Our roof location is not at all 100% ideal, but we are also keeping appearances in mind for resale considerations down the road.  They will be west-southwest facing at about 30 degrees with sun from 9-3 daily with leaves on the trees; expect more exposure in winter.  With this setup, the company's projections are hot water production equivalent to about 18 million BTUs yearly.  This is something you'd have to compare against your alternative hot water source after accounting for losses in efficiency (esp. oil and moderately with gas fired; not so much w/electric) as well as standby losses, which can be dramatic on a boiler-based system.  You could easily required 36 million BTUs of input to your oil furnace to get 18 million BTUs into your hot water when accounting for these factors.  Obviously you would expect more production in a southern climate, or a 100% exposed installation, but then again, southern states may not give you an extra 25% state rebate...

By the way, the cost quoted is with all installation performed by a contractor including renting a lift for the solar panels to get up to the roof, running electric for the backup element, etc...  I think that is the fairest way to price when comparing return on investment, since it doesn't take me much effort to open a CD as the alternative for my $4900 investment   If you already have some infrastructure like an existing electrical tank, or even a gas tank that you can tap into, that would save you a lot of money.

If you were to do the work youself, I think after tax rebates, it can be done for $3-4K - maybe even less in VA since you may not need three panels.  But then you have to factor in the value of your time to make an apples-to-apples comparison.  In reality, I enjoy this and plan to do some parts of the work myself to get the cost closer to $4000.  But I don't want to mislead the actual turnkey cost.

By the way, you mention an important point on taxes - if you earn 5% in that CD, after tax, you may only see 3-4% depending on your circumstances.  On the other hand, when you save money on energy expenses, that is after tax money.  So you are looking at a tax-free ROI when you displace energy expenses.  That is an important factor - paying a $100 oil bill requires that you earn more like $130-$150 at work.

In the end, the most important parameters that influence the financial side of the decision are:

Installed Cost - higher in northern states
Federal + State Rebates - higher in blue states 
Energy price for your alternative today and projected inflation rate - big guess
Efficiency and standby losses of your existing hot water supply system - can be accurately determined with good records

-Colin


----------



## got wood? (Aug 26, 2006)

I was looking into a grid-tied PV system a while ago and a friend mentioned that more energy is used to manufacture a PV panel than is ever generated from that same panel over its life.  While I can understand it consumes a great deal of power to produce the various styles of PV panels today, I have a hard time imagining these PV systems can't produce substantially more power over their life that exceeds manufacturing demands.  Does anyone know for sure of have any insight into this?  I'd really love to get a PV system but I think I may hold out until a more `green' administration puts even more tax and/or install incentives in place.


----------



## begreen (Aug 26, 2006)

Good point. Basically, almost all human industrial activity is energy intensive if one looks at the full life cycle. Coal is particularly so if one looks at the total cost to health and environment and yet 50% of our power comes from coal. This is why conservation is a really good first step. The statement is for a silicon based system and is somewhat deceptive. What if the energy used for manufacture came from hydropower? A good solar panel can have a 25+ yr. lifespan so when amortized over it's life, the panel is a net power gain. But we can do much better.

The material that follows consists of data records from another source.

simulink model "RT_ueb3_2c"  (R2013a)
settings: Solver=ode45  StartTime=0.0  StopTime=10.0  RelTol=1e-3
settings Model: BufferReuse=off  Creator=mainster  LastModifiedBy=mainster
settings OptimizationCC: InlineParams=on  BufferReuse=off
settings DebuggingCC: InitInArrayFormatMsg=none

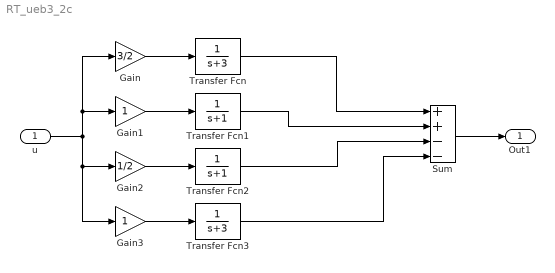
== system RT_ueb3_2c ==
  u : Inport
  Gain : Gain  Gain=3/2
  Gain1 : Gain
  Gain2 : Gain  Gain=1/2
  Gain3 : Gain
  Sum : Sum  Inputs=++--
  Transfer Fcn : TransferFcn  Denominator=[1 3]
  Transfer Fcn1 : TransferFcn  Denominator=[1 1]
  Transfer Fcn2 : TransferFcn  Denominator=[1 1]
  Transfer Fcn3 : TransferFcn  Denominator=[1 3]
  Out1 : Outport
  wires:
  Sum/1 -> Out1/1
  u/1 -> Gain3/1, Gain2/1, Gain1/1, Gain/1
  Gain/1 -> Transfer Fcn/1
  Transfer Fcn/1 -> Sum/1
  Gain1/1 -> Transfer Fcn1/1
  Transfer Fcn1/1 -> Sum/2
  Gain2/1 -> Transfer Fcn2/1
  Transfer Fcn2/1 -> Sum/3
  Gain3/1 -> Transfer Fcn3/1
  Transfer Fcn3/1 -> Sum/4
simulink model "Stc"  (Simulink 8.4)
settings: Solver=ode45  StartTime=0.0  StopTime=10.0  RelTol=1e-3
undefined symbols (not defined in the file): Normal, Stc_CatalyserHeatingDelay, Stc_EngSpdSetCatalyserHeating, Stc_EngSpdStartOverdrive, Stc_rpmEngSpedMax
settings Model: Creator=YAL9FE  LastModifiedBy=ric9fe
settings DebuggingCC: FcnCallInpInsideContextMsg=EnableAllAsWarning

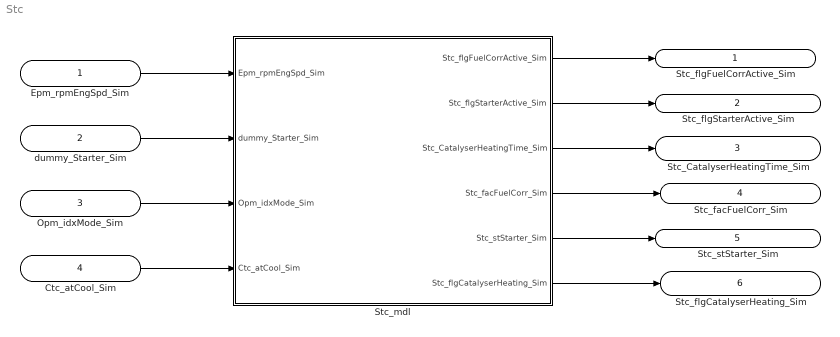
== system Stc ==
  Epm_rpmEngSpd_Sim : Inport
  dummy_Starter_Sim : Inport  Port=2
  Opm_idxMode_Sim : Inport  Port=3
  Ctc_atCool_Sim : Inport  Port=4
  Stc_mdl : Subsystem  mask(Functions){}
      mask help: StarterControl
      mask Display:
      | image(imread('StarterControl.jpg'))
      | port_label('input',1,'Epm_rpmEngSpd_Sim')
      | port_label('input',2,'dummy_Starter_Sim')
      | port_label('input',3,'Opm_idxMode_Sim')
      | port_label('input',4,'Ctc_atCool_Sim')
      | port_label('output',1,'Stc_flgFuelCorrActive_Sim')
      | port_label('output',2,'Stc_flgStarterActive_Sim')
      | port_label('output',3,'Stc_CatalyserHeatingTime_Sim')
      | port_label('output',4,'Stc_facFuelCorr_Sim')
      | port_label('output',5,'Stc_stStarter_Sim')
      | port_label('output',6,'Stc_flgCatalyserHeating_Sim')
  Stc_flgFuelCorrActive_Sim : Outport
  Stc_flgStarterActive_Sim : Outport  Port=2
  Stc_CatalyserHeatingTime_Sim : Outport  Port=3
  Stc_facFuelCorr_Sim : Outport  Port=4
  Stc_stStarter_Sim : Outport  Port=5
  Stc_flgCatalyserHeating_Sim : Outport  Port=6
  wires:
  Epm_rpmEngSpd_Sim/1 -> Stc_mdl/1(Epm_rpmEngSpd_Sim)
  dummy_Starter_Sim/1 -> Stc_mdl/2(dummy_Starter_Sim)
  Opm_idxMode_Sim/1 -> Stc_mdl/3(Opm_idxMode_Sim)
  Ctc_atCool_Sim/1 -> Stc_mdl/4(Ctc_atCool_Sim)
  Stc_mdl/1(Stc_flgFuelCorrActive_Sim) -> Stc_flgFuelCorrActive_Sim/1
  Stc_mdl/2(Stc_flgStarterActive_Sim) -> Stc_flgStarterActive_Sim/1
  Stc_mdl/3(Stc_CatalyserHeatingTime_Sim) -> Stc_CatalyserHeatingTime_Sim/1
  Stc_mdl/4(Stc_facFuelCorr_Sim) -> Stc_facFuelCorr_Sim/1
  Stc_mdl/5(Stc_stStarter_Sim) -> Stc_stStarter_Sim/1
  Stc_mdl/6(Stc_flgCatalyserHeating_Sim) -> Stc_flgCatalyserHeating_Sim/1

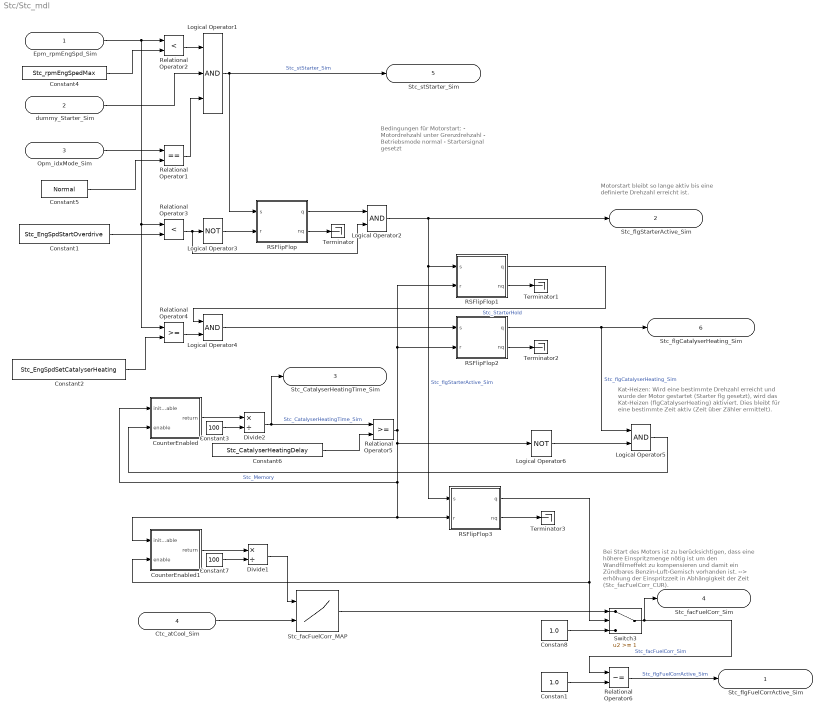
== system Stc/Stc_mdl ==
  note: Bedingungen für Motorstart:
      | - Motordrehzahl unter Grenzdrehzahl
      | - Betriebsmode normal
      | - Startersignal gesetzt
  note: Motorstart bleibt so lange aktiv bis
      | eine definierte Drehzahl erreicht ist.
  note: Kat-Heizen:
      | Wird eine bestimmte Drehzahl erreicht und wurde
      | der Motor gestartet (Starter flg gesetzt),
      | wird das Kat-Heizen (flgCatalyserHeating)
      | aktiviert. Dies bleibt für eine bestimmte Zeit aktiv
      | (Zeit über Zähler ermittelt).
  note: Bei Start des Motors ist zu berücksichtigen,
      | dass eine höhere Einspritzmenge nötig ist
      | um den Wandfilmeffekt zu kompensieren
      | und damit ein Zündbares Benzin-Luft-Gemisch
      | vorhanden ist.
      | --> erhöhung der Einspritzzeit in Abhängigkeit
      |       der Zeit (Stc_facFuelCorr_CUR).
  Epm_rpmEngSpd_Sim : Inport
  dummy_Starter_Sim : Inport  Port=2
  Opm_idxMode_Sim : Inport  Port=3
  Ctc_atCool_Sim : Inport  Port=4
  Constan1 : Constant  Value=1.0  OutDataTypeStr=single
  Constan8 : Constant  Value=1.0  OutDataTypeStr=single
  Constant1 : Constant  Value=Stc_EngSpdStartOverdrive
  Constant2 : Constant  Value=Stc_EngSpdSetCatalyserHeating
  Constant3 : Constant  Value=100  OutDataTypeStr=single
  Constant4 : Constant  Value=Stc_rpmEngSpedMax
  Constant5 : Constant  Value=Normal
  Constant6 : Constant  Value=Stc_CatalyserHeatingDelay
  Constant7 : Constant  Value=100  OutDataTypeStr=single
  CounterEnabled : Subsystem
      mask help: Counter
      mask Display: image(imread('CounterEnabled.jpg'))
  CounterEnabled1 : Subsystem
      mask help: Counter
      mask Display: image(imread('CounterEnabled.jpg'))
  Divide1 : Product  Inputs=*/  OutDataTypeStr=Inherit: Same as first input
  Divide2 : Product  Inputs=*/  OutDataTypeStr=Inherit: Same as first input
  Logical Operator1 : Logic  Inputs=3  AllPortsSameDT=off  OutDataTypeStr=boolean
  Logical Operator2 : Logic  AllPortsSameDT=off  OutDataTypeStr=boolean
  Logical Operator3 : Logic  Operator=NOT  AllPortsSameDT=off  OutDataTypeStr=boolean
  Logical Operator4 : Logic  AllPortsSameDT=off  OutDataTypeStr=boolean
  Logical Operator5 : Logic  AllPortsSameDT=off  OutDataTypeStr=boolean
  Logical Operator6 : Logic  Operator=NOT  AllPortsSameDT=off  OutDataTypeStr=boolean
  RSFlipFlop : Subsystem
      mask help: RSFlipFlop
      mask Display: image(imread('RSFlipFlop.jpg'))
  RSFlipFlop1 : Subsystem
      mask help: RSFlipFlop
      mask Display: image(imread('RSFlipFlop.jpg'))
  RSFlipFlop2 : Subsystem
      mask help: RSFlipFlop
      mask Display: image(imread('RSFlipFlop.jpg'))
  RSFlipFlop3 : Subsystem
      mask help: RSFlipFlop
      mask Display: image(imread('RSFlipFlop.jpg'))
  Relational Operator1 : RelationalOperator  Operator===  OutDataTypeStr=boolean
  Relational Operator2 : RelationalOperator  Operator=<  OutDataTypeStr=boolean
  Relational Operator3 : RelationalOperator  Operator=<  OutDataTypeStr=boolean
  Relational Operator4 : RelationalOperator  OutDataTypeStr=boolean
  Relational Operator5 : RelationalOperator  OutDataTypeStr=boolean
  Relational Operator6 : RelationalOperator  Operator=~=  OutDataTypeStr=boolean
  Stc_facFuelCorr_MAP : Lookup_n-D  BreakpointsForDimension1=[1:3]  BreakpointsForDimension2=[1:3]  ExtrapMethod=Clip  InputSameDT=on
  Switch3 : Switch  Threshold=1
  Terminator{,1..3} (4 alike) : Terminator
  Stc_flgFuelCorrActive_Sim : Outport
  Stc_flgStarterActive_Sim : Outport  Port=2
  Stc_CatalyserHeatingTime_Sim : Outport  Port=3
  Stc_facFuelCorr_Sim : Outport  Port=4
  Stc_stStarter_Sim : Outport  Port=5
  Stc_flgCatalyserHeating_Sim : Outport  Port=6
  wires:
  RSFlipFlop/2(nq) -> Terminator/1
  Epm_rpmEngSpd_Sim/1 -> Relational Operator2/1, Relational Operator3/1, Relational Operator4/1
  Relational Operator2/1 -> Logical Operator1/1
  Constant4/1 -> Relational Operator2/2
  dummy_Starter_Sim/1 -> Logical Operator1/2
  Opm_idxMode_Sim/1 -> Relational Operator1/1
  Constant5/1 -> Relational Operator1/2
  Relational Operator1/1 -> Logical Operator1/3
  Logical Operator1/1 -> Stc_stStarter_Sim/1, RSFlipFlop/1(s)  "Stc_stStarter_Sim"
  Constant1/1 -> Relational Operator3/2
  RSFlipFlop/1(q) -> Logical Operator2/1
  Relational Operator3/1 -> Logical Operator3/1, Logical Operator2/2
  Logical Operator3/1 -> RSFlipFlop/2(r)
  Logical Operator2/1 -> Stc_flgStarterActive_Sim/1, RSFlipFlop1/1(s), RSFlipFlop3/1(s)  "Stc_flgStarterActive_Sim"
  RSFlipFlop1/2(nq) -> Terminator1/1
  Constant2/1 -> Relational Operator4/2
  Relational Operator4/1 -> Logical Operator4/2
  RSFlipFlop1/1(q) -> Logical Operator4/1  "Stc_StarterHold"
  RSFlipFlop2/2(nq) -> Terminator2/1
  Logical Operator4/1 -> RSFlipFlop2/1(s)
  RSFlipFlop2/1(q) -> Stc_flgCatalyserHeating_Sim/1, Logical Operator5/1  "Stc_flgCatalyserHeating_Sim"
  CounterEnabled/1(return) -> Divide2/1
  Constant3/1 -> Divide2/2
  Divide2/1 -> Relational Operator5/1, Stc_CatalyserHeatingTime_Sim/1  "Stc_CatalyserHeatingTime_Sim"
  Constant6/1 -> Relational Operator5/2
  Relational Operator5/1 -> Logical Operator6/1, CounterEnabled/1(initEnable), CounterEnabled1/1(initEnable), RSFlipFlop3/2(r), RSFlipFlop2/2(r), RSFlipFlop1/2(r)  "Stc_Memory"
  Logical Operator6/1 -> Logical Operator5/2
  Logical Operator5/1 -> CounterEnabled/2(enable)
  RSFlipFlop3/2(nq) -> Terminator3/1
  CounterEnabled1/1(return) -> Divide1/1
  Constant7/1 -> Divide1/2
  RSFlipFlop3/1(q) -> CounterEnabled1/2(enable), Switch3/2
  Divide1/1 -> Stc_facFuelCorr_MAP/1
  Ctc_atCool_Sim/1 -> Stc_facFuelCorr_MAP/2
  Constan8/1 -> Switch3/3
  Stc_facFuelCorr_MAP/1 -> Switch3/1
  Switch3/1 -> Relational Operator6/1, Stc_facFuelCorr_Sim/1  "Stc_facFuelCorr_Sim"
  Relational Operator6/1 -> Stc_flgFuelCorrActive_Sim/1  "Stc_flgFuelCorrActive_Sim"
  Constan1/1 -> Relational Operator6/2

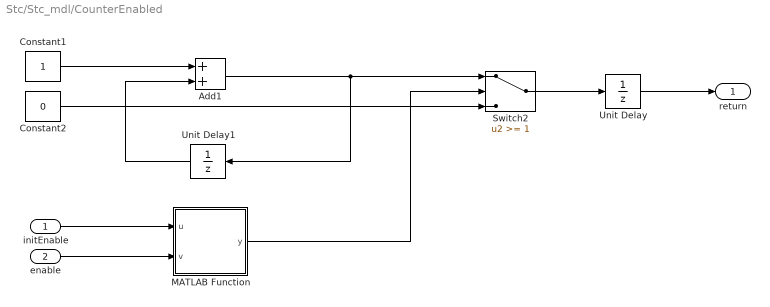
== system Stc/Stc_mdl/CounterEnabled ==
  initEnable : Inport
  enable : Inport  Port=2
  Add1 : Sum
  Constant1 : Constant  OutDataTypeStr=single
  Constant2 : Constant  Value=0  OutDataTypeStr=single
  MATLAB Function : MATLAB Function  TreatAsAtomicUnit=on
  Switch2 : Switch  Threshold=1
  Unit Delay : UnitDelay  SampleTime=-1
  Unit Delay1 : UnitDelay  SampleTime=-1
  return : Outport
  wires:
  initEnable/1 -> MATLAB Function/1(u)
  MATLAB Function/1(y) -> Switch2/2
  Add1/1 -> Unit Delay1/1, Switch2/1
  Constant2/1 -> Switch2/3
  Switch2/1 -> Unit Delay/1
  Unit Delay1/1 -> Add1/2
  Constant1/1 -> Add1/1
  enable/1 -> MATLAB Function/2(v)
  Unit Delay/1 -> return/1

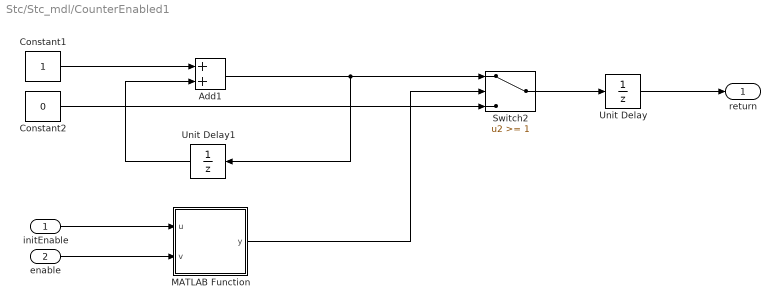
== system Stc/Stc_mdl/CounterEnabled1 ==
  initEnable : Inport
  enable : Inport  Port=2
  Add1 : Sum
  Constant1 : Constant  OutDataTypeStr=single
  Constant2 : Constant  Value=0  OutDataTypeStr=single
  MATLAB Function : MATLAB Function  TreatAsAtomicUnit=on
  Switch2 : Switch  Threshold=1
  Unit Delay : UnitDelay  SampleTime=-1
  Unit Delay1 : UnitDelay  SampleTime=-1
  return : Outport
  wires:
  enable/1 -> MATLAB Function/2(v)
  Constant1/1 -> Add1/1
  Unit Delay1/1 -> Add1/2
  Switch2/1 -> Unit Delay/1
  Constant2/1 -> Switch2/3
  Add1/1 -> Switch2/1, Unit Delay1/1
  MATLAB Function/1(y) -> Switch2/2
  initEnable/1 -> MATLAB Function/1(u)
  Unit Delay/1 -> return/1

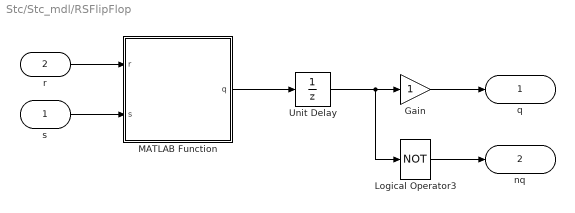
== system Stc/Stc_mdl/RSFlipFlop ==
  s : Inport
  r : Inport  Port=2
  Gain : Gain  OutDataTypeStr=Inherit: Same as input
  Logical Operator3 : Logic  Operator=NOT  AllPortsSameDT=off  OutDataTypeStr=boolean
  MATLAB Function : MATLAB Function  TreatAsAtomicUnit=on
  Unit Delay : UnitDelay  SampleTime=-1
  q : Outport
  nq : Outport  Port=2
  wires:
  MATLAB Function/1(q) -> Unit Delay/1
  s/1 -> MATLAB Function/2(s)
  r/1 -> MATLAB Function/1(r)
  Logical Operator3/1 -> nq/1
  Unit Delay/1 -> Logical Operator3/1, Gain/1
  Gain/1 -> q/1

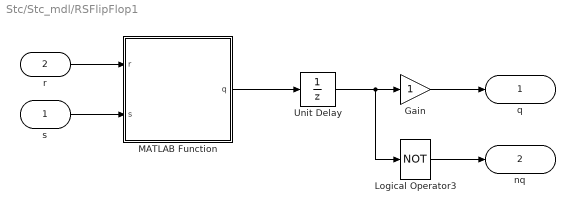
== system Stc/Stc_mdl/RSFlipFlop1 ==
  s : Inport
  r : Inport  Port=2
  Gain : Gain  OutDataTypeStr=Inherit: Same as input
  Logical Operator3 : Logic  Operator=NOT  AllPortsSameDT=off  OutDataTypeStr=boolean
  MATLAB Function : MATLAB Function  TreatAsAtomicUnit=on
  Unit Delay : UnitDelay  SampleTime=-1
  q : Outport
  nq : Outport  Port=2
  wires:
  Logical Operator3/1 -> nq/1
  r/1 -> MATLAB Function/1(r)
  s/1 -> MATLAB Function/2(s)
  MATLAB Function/1(q) -> Unit Delay/1
  Unit Delay/1 -> Logical Operator3/1, Gain/1
  Gain/1 -> q/1

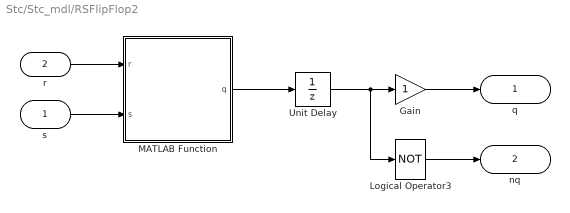
== system Stc/Stc_mdl/RSFlipFlop2 ==
  s : Inport
  r : Inport  Port=2
  Gain : Gain  OutDataTypeStr=Inherit: Same as input
  Logical Operator3 : Logic  Operator=NOT  AllPortsSameDT=off  OutDataTypeStr=boolean
  MATLAB Function : MATLAB Function  TreatAsAtomicUnit=on
  Unit Delay : UnitDelay  SampleTime=-1
  q : Outport
  nq : Outport  Port=2
  wires:
  MATLAB Function/1(q) -> Unit Delay/1
  s/1 -> MATLAB Function/2(s)
  r/1 -> MATLAB Function/1(r)
  Logical Operator3/1 -> nq/1
  Unit Delay/1 -> Logical Operator3/1, Gain/1
  Gain/1 -> q/1

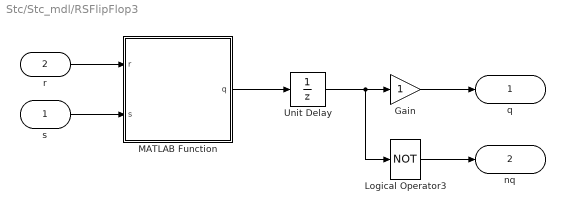
== system Stc/Stc_mdl/RSFlipFlop3 ==
  s : Inport
  r : Inport  Port=2
  Gain : Gain  OutDataTypeStr=Inherit: Same as input
  Logical Operator3 : Logic  Operator=NOT  AllPortsSameDT=off  OutDataTypeStr=boolean
  MATLAB Function : MATLAB Function  TreatAsAtomicUnit=on
  Unit Delay : UnitDelay  SampleTime=-1
  q : Outport
  nq : Outport  Port=2
  wires:
  Logical Operator3/1 -> nq/1
  r/1 -> MATLAB Function/1(r)
  s/1 -> MATLAB Function/2(s)
  MATLAB Function/1(q) -> Unit Delay/1
  Unit Delay/1 -> Logical Operator3/1, Gain/1
  Gain/1 -> q/1

== matlab function Stc_mdl/RSFlipFlop/MATLAB Function ==
  data: r input double; q output double; s input double
function q = fcn(r,s)
% FlipFlop
q = false;
if(r==true)
    q = false;
elseif(s==true)
    q = true;
end

== matlab function Stc_mdl/CounterEnabled/MATLAB Function ==
  data: u input double; y output double; v input double
function y = fcn(u,v)
% CounterEnabled Test
y = false;
if(u==true)
    y = false;
end
if(v==true)
    y = true;
end

== matlab function Stc_mdl/RSFlipFlop1/MATLAB Function ==
  data: r input double; q output double; s input double
function q = fcn(r,s)
% FlipFlop
q = false;
if(r==true)
    q = false;
elseif(s==true)
    q = true;
end

== matlab function Stc_mdl/RSFlipFlop2/MATLAB Function ==
  data: r input double; q output double; s input double
function q = fcn(r,s)
% FlipFlop
q = false;
if(r==true)
    q = false;
elseif(s==true)
    q = true;
end

== matlab function Stc_mdl/RSFlipFlop3/MATLAB Function ==
  data: r input double; q output double; s input double
function q = fcn(r,s)
% FlipFlop
q = false;
if(r==true)
    q = false;
elseif(s==true)
    q = true;
end

== matlab function Stc_mdl/CounterEnabled1/MATLAB Function ==
  data: u input double; y output double; v input double
function y = fcn(u,v)
% CounterEnabled Test
y = false;
if(u==true)
    y = false;
end
if(v==true)
    y = true;
end

New processes are already using way less energy to manufacture and should make the return on energy invested much quicker. The CIGS cell mentioned above is an example. Nanosolar is promising as well. Thin-film uses little or perhaps no silicon. I think we'll be seeing a lot of development in this area in the next few years. I'm excited, can't happen too soon for me!

http://www.redherring.com/Article.a...o+Go+Large&sector=Industries&subsector=Energy


----------



## got wood? (Aug 27, 2006)

ahhh, but what about a tankless heater and a modest solar setup in every home...that would help that huge surge and to decentralize our aging power grid.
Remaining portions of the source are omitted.